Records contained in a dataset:
━━━━
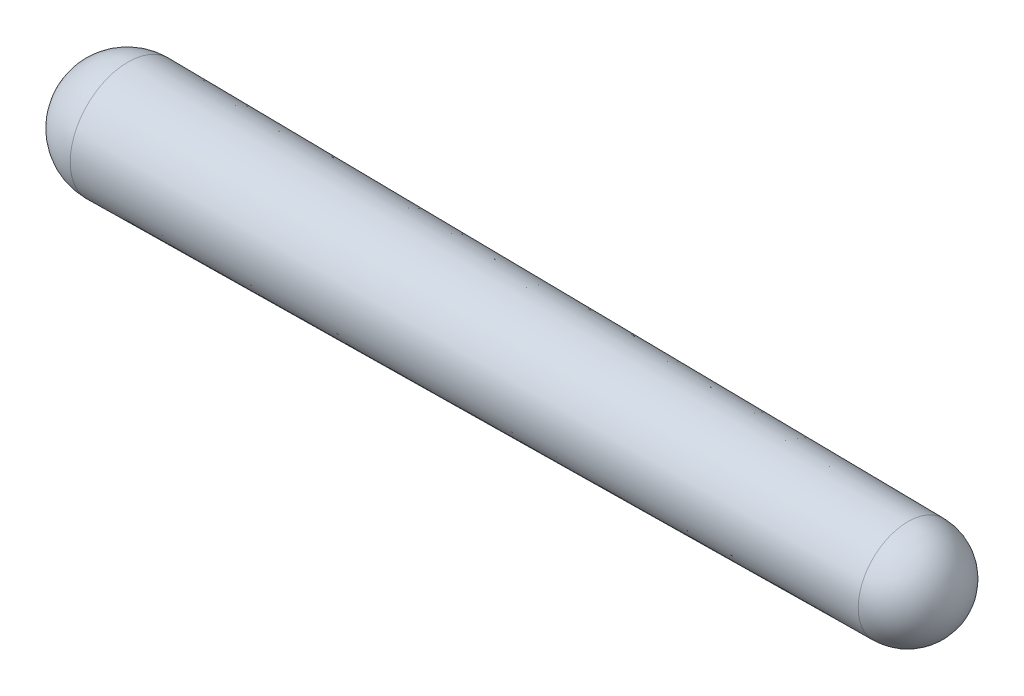
SolidWorks part; units mm, degrees
ref_plane "Front Plane" through (0, 0, 0) normal (0, 0, 1) x (1, 0, 0)
ref_plane "Top Plane" through (0, 0, 0) normal (0, 1, 0) x (1, 0, 0)
ref_plane "Right Plane" through (0, 0, 0) normal (1, 0, 0) x (0, 0, -1)
sketch "Sketch1" plane through (0, 0, 0) normal (0, 0, 1) x (1, 0, 0)
  line L0 (0, 0) -> (5458.1283, 0) construction
  line L1 (0, 0) -> (0, 5458.1283) construction
  line L2 (0.0325, 3.2498) -> (44.0281, 2.8099)
  line L4 (-3.25, 0) -> (46.81, 0)
  arc A0 (0.0325, 3.2498) -> (-3.25, 0) centre (0, 0) ccw
  arc A1 (46.81, 0) -> (44.0281, 2.8099) centre (44, 0) ccw
  point P11 (0, 0)
  point P12 (0, 0)
  dimension "D1" = 6.5
  dimension "D2" = 44
  dimension "D3" = 5.62
revolve "Revolve1" add sketch "Sketch1" angle 360 about L4
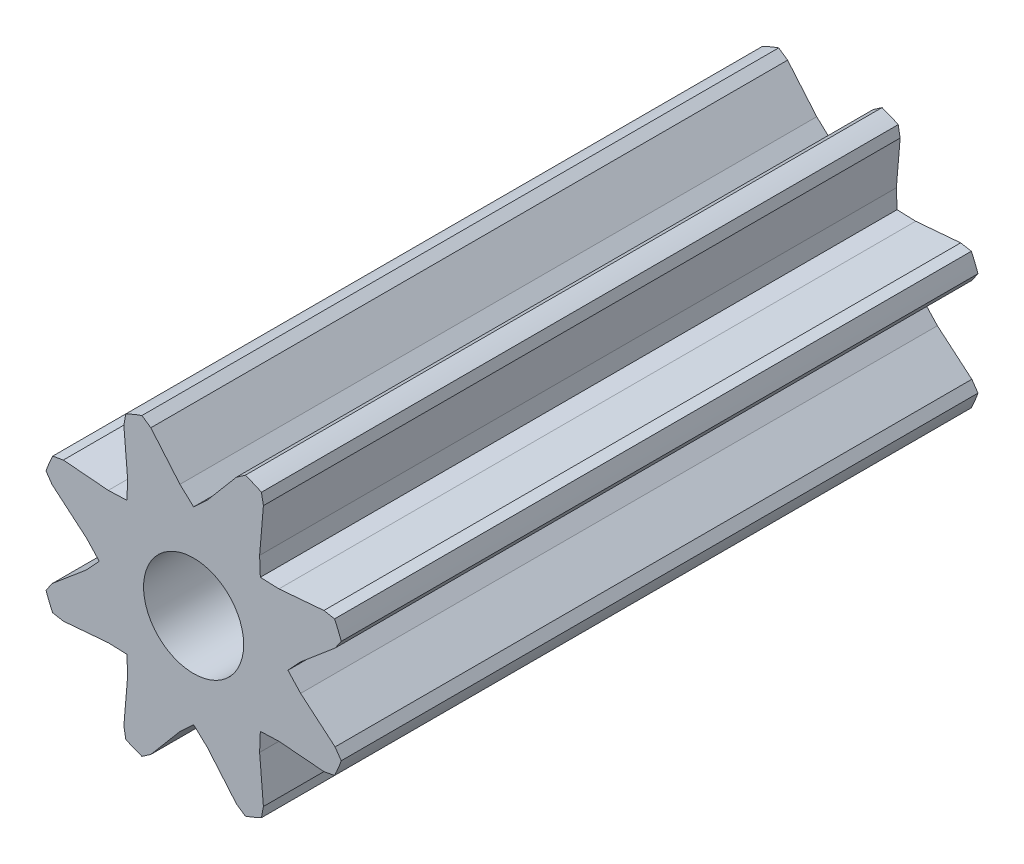
SolidWorks part; units mm, degrees
ref_plane "Front Plane" through (0, 0, 0) normal (0, 0, 1) x (1, 0, 0)
ref_plane "Top Plane" through (0, 0, 0) normal (0, 1, 0) x (1, 0, 0)
ref_plane "Right Plane" through (0, 0, 0) normal (1, 0, 0) x (0, 0, -1)
sketch "Sketch1" plane through (0, 0, 0) normal (0, 0, 1) x (1, 0, 0)
  line L1 (1.2374, -1.2374) -> (-1.2374, -1.2374) construction
  line L2 (1.2374, -1.2374) -> (1.2374, 1.2374) construction
  line L3 (1.2374, 1.2374) -> (-1.2374, 1.2374) construction
  line L4 (-1.2374, -1.2374) -> (-1.2374, 1.2374) construction
  line L5 (1.2374, -1.2374) -> (-1.2374, 1.2374) construction
  line L6 (1.2374, 1.2374) -> (-1.2374, -1.2374) construction
  circle A0 centre (0, 0) radius 5
  circle A1 centre (0, 0) radius 1.75 construction
  dimension "D1" = 10
  dimension "D2" = 3.5
extrude "Boss-Extrude1" add sketch "Sketch1" along normal blind 20.355
sketch "Sketch2" plane through (0, 0, 0) normal (0, 0, 1) x (1, 0, 0)
  line L0 (0, 0) -> (0, 8.8612) construction
  line L1 (0, 3.0153) -> (-0.4371, 3.4206)
  line L8 (-1.8991, 5.2712) -> (0, 6.2652)
  line L11 (-0.4371, 3.4206) -> (-1.3679, 4.5219)
  line L12 (-1.3679, 4.5219) -> (-1.6525, 4.719)
  line L13 (-1.6525, 4.719) -> (-1.8991, 5.2712)
  line L14 (1.6525, 4.719) -> (1.8991, 5.2712)
  line L15 (1.3679, 4.5219) -> (1.6525, 4.719)
  line L16 (0.4371, 3.4206) -> (1.3679, 4.5219)
  line L17 (1.8991, 5.2712) -> (0, 6.2652)
  line L18 (0, 3.0153) -> (0.4371, 3.4206)
  circle A14 centre (0, 0) radius 5 construction
  point P16 (0, 5)
extrude "Cut-Extrude1" cut sketch "Sketch2" along normal through all
pattern_circular "CirPattern1" count 8 over 360 about axis through (0, 0, 0) along (0, 0, 1) of "Cut-Extrude1"
sketch "Sketch3" plane through (0, 0, 0) normal (0, 0, 1) x (1, 0, 0)
  circle A0 centre (0, 0) radius 7.5
  dimension "D1" = 15
sketch "Sketch4" plane through (0, 0, 20.355) normal (0, 0, 1) x (1, 0, 0)
  circle A0 centre (0, 0) radius 1.6
  dimension "D1" = 3.2
extrude "Cut-Extrude2" cut sketch "Sketch4" against normal through all both and the other way through all
sketch "Sketch5" plane through (0, 0, 0) normal (0, 0, 1) x (1, 0, 0)
  line L0 (-1.2374, 1.2374) -> (1.2374, -1.2374)
  line L1 (1.2374, 1.2374) -> (-1.2374, -1.2374)
equation "\"circle\"=10"
equation "\"D1@Sketch1\"=\"circle\""
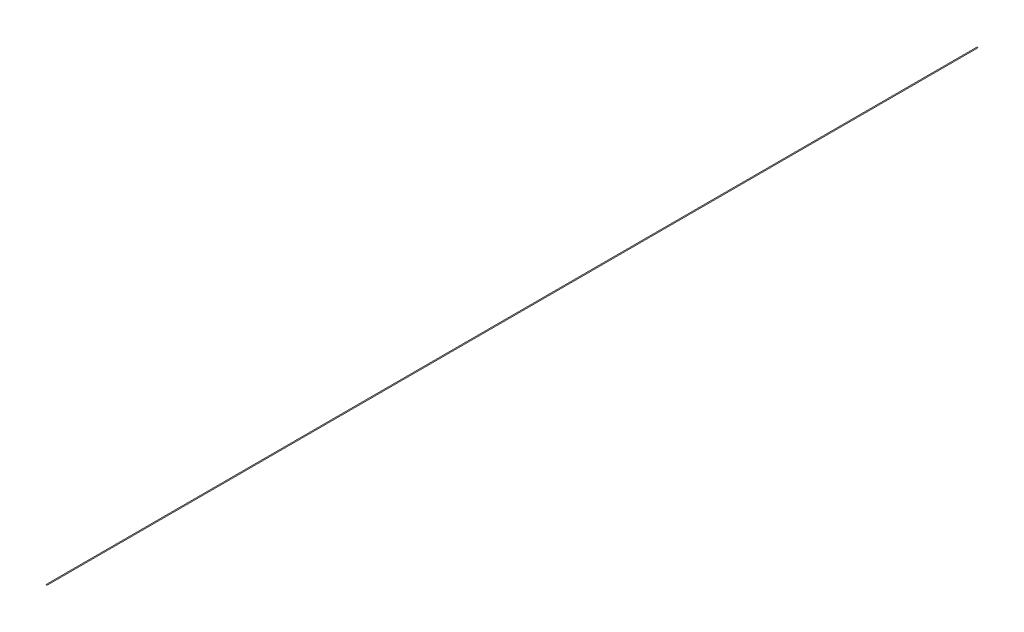
SolidWorks part; units mm, degrees
ref_plane "前视基准面" through (0, 0, 0) normal (0, 0, 1) x (1, 0, 0)
ref_plane "上视基准面" through (0, 0, 0) normal (0, 1, 0) x (1, 0, 0)
ref_plane "右视基准面" through (0, 0, 0) normal (1, 0, 0) x (0, 0, -1)
sketch "草图1" plane through (0, 0, 0) normal (0, 0, 1) x (1, 0, 0)
  line L0 (0, 34.641) -> (-30, 0)
  line L1 (-30, 0) -> (30, 0)
  line L2 (30, 0) -> (0, 34.641)
extrude "凸台-拉伸1" add sketch "草图1" along normal blind 50000
━━━━
Copy the entries character for character, excluding any pictures.

SolidWorks part; units mm, degrees
ref_plane "Front Plane" through (0, 0, 0) normal (0, 0, 1) x (1, 0, 0)
ref_plane "Top Plane" through (0, 0, 0) normal (0, 1, 0) x (1, 0, 0)
ref_plane "Right Plane" through (0, 0, 0) normal (1, 0, 0) x (0, 0, -1)
sketch "Sketch1" plane through (0, 0, 0) normal (0, 0, 1) x (1, 0, 0)
  line L0 (0, 0) -> (5458.1283, 0) construction
  line L1 (0, 0) -> (0, 5458.1283) construction
  line L2 (0.0325, 3.2498) -> (44.0281, 2.8099)
  line L4 (-3.25, 0) -> (46.81, 0)
  arc A0 (0.0325, 3.2498) -> (-3.25, 0) centre (0, 0) ccw
  arc A1 (46.81, 0) -> (44.0281, 2.8099) centre (44, 0) ccw
  point P11 (0, 0)
  point P12 (0, 0)
  dimension "D1" = 6.5
  dimension "D2" = 44
  dimension "D3" = 5.62
revolve "Revolve1" add sketch "Sketch1" angle 360 about L4
SolidWorks part; units mm, degrees
ref_plane "Front Plane" through (0, 0, 0) normal (0, 0, 1) x (1, 0, 0)
ref_plane "Top Plane" through (0, 0, 0) normal (0, 1, 0) x (1, 0, 0)
ref_plane "Right Plane" through (0, 0, 0) normal (1, 0, 0) x (0, 0, -1)
sketch "Sketch1" plane through (0, 0, 0) normal (0, 0, 1) x (1, 0, 0)
  line L1 (1.2374, -1.2374) -> (-1.2374, -1.2374) construction
  line L2 (1.2374, -1.2374) -> (1.2374, 1.2374) construction
  line L3 (1.2374, 1.2374) -> (-1.2374, 1.2374) construction
  line L4 (-1.2374, -1.2374) -> (-1.2374, 1.2374) construction
  line L5 (1.2374, -1.2374) -> (-1.2374, 1.2374) construction
  line L6 (1.2374, 1.2374) -> (-1.2374, -1.2374) construction
  circle A0 centre (0, 0) radius 5
  circle A1 centre (0, 0) radius 1.75 construction
  dimension "D1" = 10
  dimension "D2" = 3.5
extrude "Boss-Extrude1" add sketch "Sketch1" along normal blind 20.355
sketch "Sketch2" plane through (0, 0, 0) normal (0, 0, 1) x (1, 0, 0)
  line L0 (0, 0) -> (0, 8.8612) construction
  line L1 (0, 3.0153) -> (-0.4371, 3.4206)
  line L8 (-1.8991, 5.2712) -> (0, 6.2652)
  line L11 (-0.4371, 3.4206) -> (-1.3679, 4.5219)
  line L12 (-1.3679, 4.5219) -> (-1.6525, 4.719)
  line L13 (-1.6525, 4.719) -> (-1.8991, 5.2712)
  line L14 (1.6525, 4.719) -> (1.8991, 5.2712)
  line L15 (1.3679, 4.5219) -> (1.6525, 4.719)
  line L16 (0.4371, 3.4206) -> (1.3679, 4.5219)
  line L17 (1.8991, 5.2712) -> (0, 6.2652)
  line L18 (0, 3.0153) -> (0.4371, 3.4206)
  circle A14 centre (0, 0) radius 5 construction
  point P16 (0, 5)
extrude "Cut-Extrude1" cut sketch "Sketch2" along normal through all
pattern_circular "CirPattern1" count 8 over 360 about axis through (0, 0, 0) along (0, 0, 1) of "Cut-Extrude1"
sketch "Sketch3" plane through (0, 0, 0) normal (0, 0, 1) x (1, 0, 0)
  circle A0 centre (0, 0) radius 7.5
  dimension "D1" = 15
sketch "Sketch4" plane through (0, 0, 20.355) normal (0, 0, 1) x (1, 0, 0)
  circle A0 centre (0, 0) radius 1.6
  dimension "D1" = 3.2
extrude "Cut-Extrude2" cut sketch "Sketch4" against normal through all both and the other way through all
sketch "Sketch5" plane through (0, 0, 0) normal (0, 0, 1) x (1, 0, 0)
  line L0 (-1.2374, 1.2374) -> (1.2374, -1.2374)
  line L1 (1.2374, 1.2374) -> (-1.2374, -1.2374)
equation "\"circle\"=10"
equation "\"D1@Sketch1\"=\"circle\""
SolidWorks part; units mm, degrees
ref_plane "前视基准面" through (0, 0, 0) normal (0, 0, 1) x (1, 0, 0)
ref_plane "上视基准面" through (0, 0, 0) normal (0, 1, 0) x (1, 0, 0)
ref_plane "右视基准面" through (0, 0, 0) normal (1, 0, 0) x (0, 0, -1)
sketch "草图1" plane through (0, 0, 0) normal (0, 0, 1) x (1, 0, 0)
  line L0 (0, 34.641) -> (-30, 0)
  line L1 (-30, 0) -> (30, 0)
  line L2 (30, 0) -> (0, 34.641)
extrude "凸台-拉伸1" add sketch "草图1" along normal blind 50000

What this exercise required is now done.